*EXERCISE AIM:* Each line below that includes the word "Outport" adds one to the count; give that count and nothing else.

*EXERCISE DATA:*

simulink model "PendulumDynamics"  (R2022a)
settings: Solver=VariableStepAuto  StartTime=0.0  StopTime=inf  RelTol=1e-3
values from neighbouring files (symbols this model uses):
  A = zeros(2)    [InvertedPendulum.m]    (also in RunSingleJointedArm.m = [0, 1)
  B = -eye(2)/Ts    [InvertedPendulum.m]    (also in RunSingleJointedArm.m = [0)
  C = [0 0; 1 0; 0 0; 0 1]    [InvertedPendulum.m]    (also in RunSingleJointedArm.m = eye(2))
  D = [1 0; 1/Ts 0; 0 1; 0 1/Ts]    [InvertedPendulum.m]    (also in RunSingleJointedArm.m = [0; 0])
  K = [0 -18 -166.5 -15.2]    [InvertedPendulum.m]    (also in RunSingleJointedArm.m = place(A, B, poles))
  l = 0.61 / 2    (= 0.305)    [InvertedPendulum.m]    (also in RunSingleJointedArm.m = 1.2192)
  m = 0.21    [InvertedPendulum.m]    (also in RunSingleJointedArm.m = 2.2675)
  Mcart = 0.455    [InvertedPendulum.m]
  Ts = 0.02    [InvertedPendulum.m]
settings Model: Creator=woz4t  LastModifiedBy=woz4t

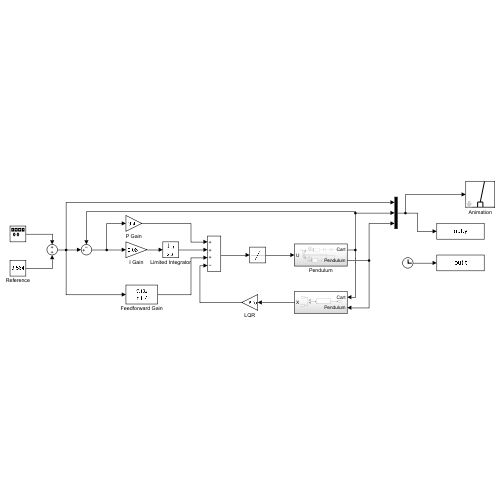
[thumbnail: Simulink's stored preview of the top-level diagram]
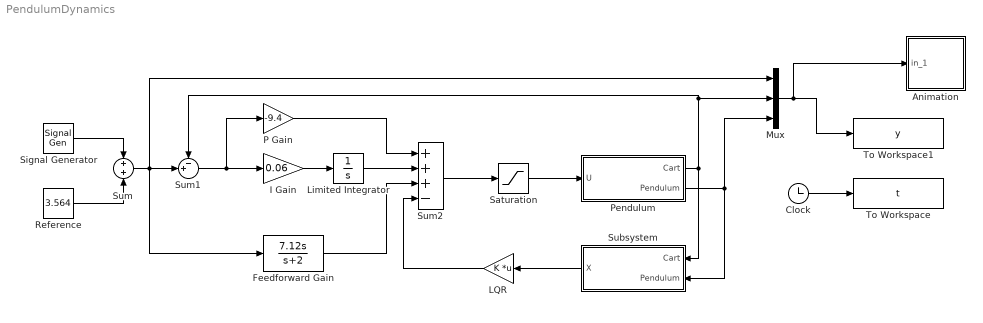
== system PendulumDynamics ==
  Animation : Subsystem  mask(Pendulum plot){RefBlock=Reference}
      mask prompts: RefBlock "DC reference signal block name:"
      mask help: Pendulum plot
      mask Help: Pendulum animation function using Handle graphics.
      mask Display: plot([-10 10],[0 0],[-2 -2 2 2],[0 1 1 0],[0 3],[1 5])
  Clock : Clock
  Feedforward Gain : TransferFcn  Numerator=[7.12 0]  Denominator=[1 2]
  I Gain : Gain  Gain=0.06
  LQR : Gain  Gain=K  Multiplication=Matrix(K*u)
  Limited Integrator : Integrator  LimitOutput=on  UpperSaturationLimit=5  LowerSaturationLimit=-5
  Mux : Mux  Inputs=3
  P Gain : Gain  Gain=-9.4
  Pendulum : Subsystem
  Reference : Constant  Value=3.564
  Saturation : Saturate  UpperLimit=10  LowerLimit=-10
  Signal Generator : SignalGenerator  WaveForm=square  Frequency=0.4  Units=rad/sec
  Subsystem : Subsystem
  Sum : Sum
  Sum1 : Sum  Inputs=-+|
  Sum2 : Sum  Inputs=+++-
  To Workspace : ToWorkspace  VariableName=t  SaveFormat=Timeseries  SampleTime=-1
  To Workspace1 : ToWorkspace  VariableName=y  SaveFormat=Timeseries  SampleTime=-1
  wires:
  Reference/1 -> Sum/2
  Signal Generator/1 -> Sum/1
  Sum/1 -> Mux/1, Feedforward Gain/1, Sum1/2
  Sum1/1 -> P Gain/1, I Gain/1
  I Gain/1 -> Limited Integrator/1
  Limited Integrator/1 -> Sum2/2
  P Gain/1 -> Sum2/1
  Feedforward Gain/1 -> Sum2/3
  Sum2/1 -> Saturation/1
  Saturation/1 -> Pendulum/1(U)
  Pendulum/1(Cart) -> Subsystem/1(Cart), Sum1/1, Mux/2
  Pendulum/2(Pendulum) -> Subsystem/2(Pendulum), Mux/3
  Clock/1 -> To Workspace/1
  Mux/1 -> Animation/1(in_1), To Workspace1/1
  Subsystem/1(X) -> LQR/1
  LQR/1 -> Sum2/4

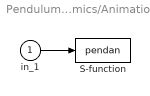
== system PendulumDynamics/Animation ==
  in_1 : Inport
  S-function : S-Function  FunctionName=pendan  Parameters=RefBlock  SFunctionDeploymentMode=off  EnableBusSupport=off
      settings: DeleteFcn=pendan([],[],[],'DeleteBlock');
  wires:
  in_1/1 -> S-function/1

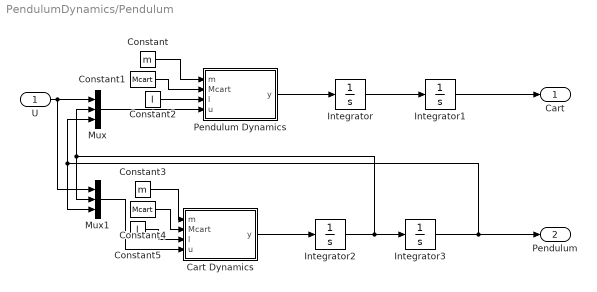
== system PendulumDynamics/Pendulum ==
  U : Inport
  Cart Dynamics : MATLAB Function  TreatAsAtomicUnit=on
  Constant : Constant  Value=m
  Constant1 : Constant  Value=Mcart
  Constant2 : Constant  Value=l
  Constant3 : Constant  Value=m
  Constant4 : Constant  Value=Mcart
  Constant5 : Constant  Value=l
  Integrator{,1..3} (4 alike) : Integrator
  Mux : Mux  Inputs=3
  Mux1 : Mux  Inputs=3
  Pendulum Dynamics : MATLAB Function  TreatAsAtomicUnit=on
  Cart : Outport
  Pendulum : Outport  Port=2
  wires:
  U/1 -> Mux1/1, Mux/1
  Mux/1 -> Pendulum Dynamics/4(u)
  Mux1/1 -> Cart Dynamics/4(u)
  Pendulum Dynamics/1(y) -> Integrator/1
  Integrator/1 -> Integrator1/1
  Integrator1/1 -> Cart/1
  Integrator2/1 -> Mux/2, Mux1/2, Integrator3/1
  Cart Dynamics/1(y) -> Integrator2/1
  Integrator3/1 -> Mux/3, Mux1/3, Pendulum/1
  Constant/1 -> Pendulum Dynamics/1(m)
  Constant2/1 -> Pendulum Dynamics/3(l)
  Constant1/1 -> Pendulum Dynamics/2(Mcart)
  Constant3/1 -> Cart Dynamics/1(m)
  Constant5/1 -> Cart Dynamics/3(l)
  Constant4/1 -> Cart Dynamics/2(Mcart)

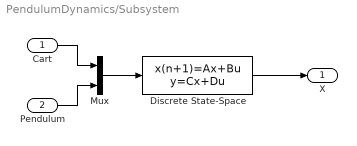
== system PendulumDynamics/Subsystem ==
  Cart : Inport
  Pendulum : Inport  Port=2
  Discrete State-Space : DiscreteStateSpace  A=A  B=B  C=C  D=D  SampleTime=Ts
  Mux : Mux  Inputs=2
  X : Outport
  wires:
  Cart/1 -> Mux/1
  Pendulum/1 -> Mux/2
  Mux/1 -> Discrete State-Space/1
  Discrete State-Space/1 -> X/1

== matlab function PendulumDynamics/Pendulum/Cart Dynamics ==
  data: m input; Mcart input; l input; u input; y output
function y = CartDynamics(m, Mcart, l, u)

g = 9.81;
y = (-u(1)*cos(u(3))/m + (Mcart+m)*g*sin(u(3))/m - l*power(u(2),2)*sin(u(3))*cos(u(3)))/(l*(Mcart/m + power(sin(u(3)),2)));
end

== matlab function PendulumDynamics/Pendulum/Pendulum Dynamics ==
  data: m input; Mcart input; l input; u input; y output
function y = PendulumDynamics(m, Mcart, l, u)

g = 9.81;
y = (u(1)/m - g*sin(u(3))*cos(u(3)) + l*power(u(2),2)*sin(u(3)))/(Mcart/m + power(sin(u(3)),2));

end

*REPLY TO THE EXERCISE:* 3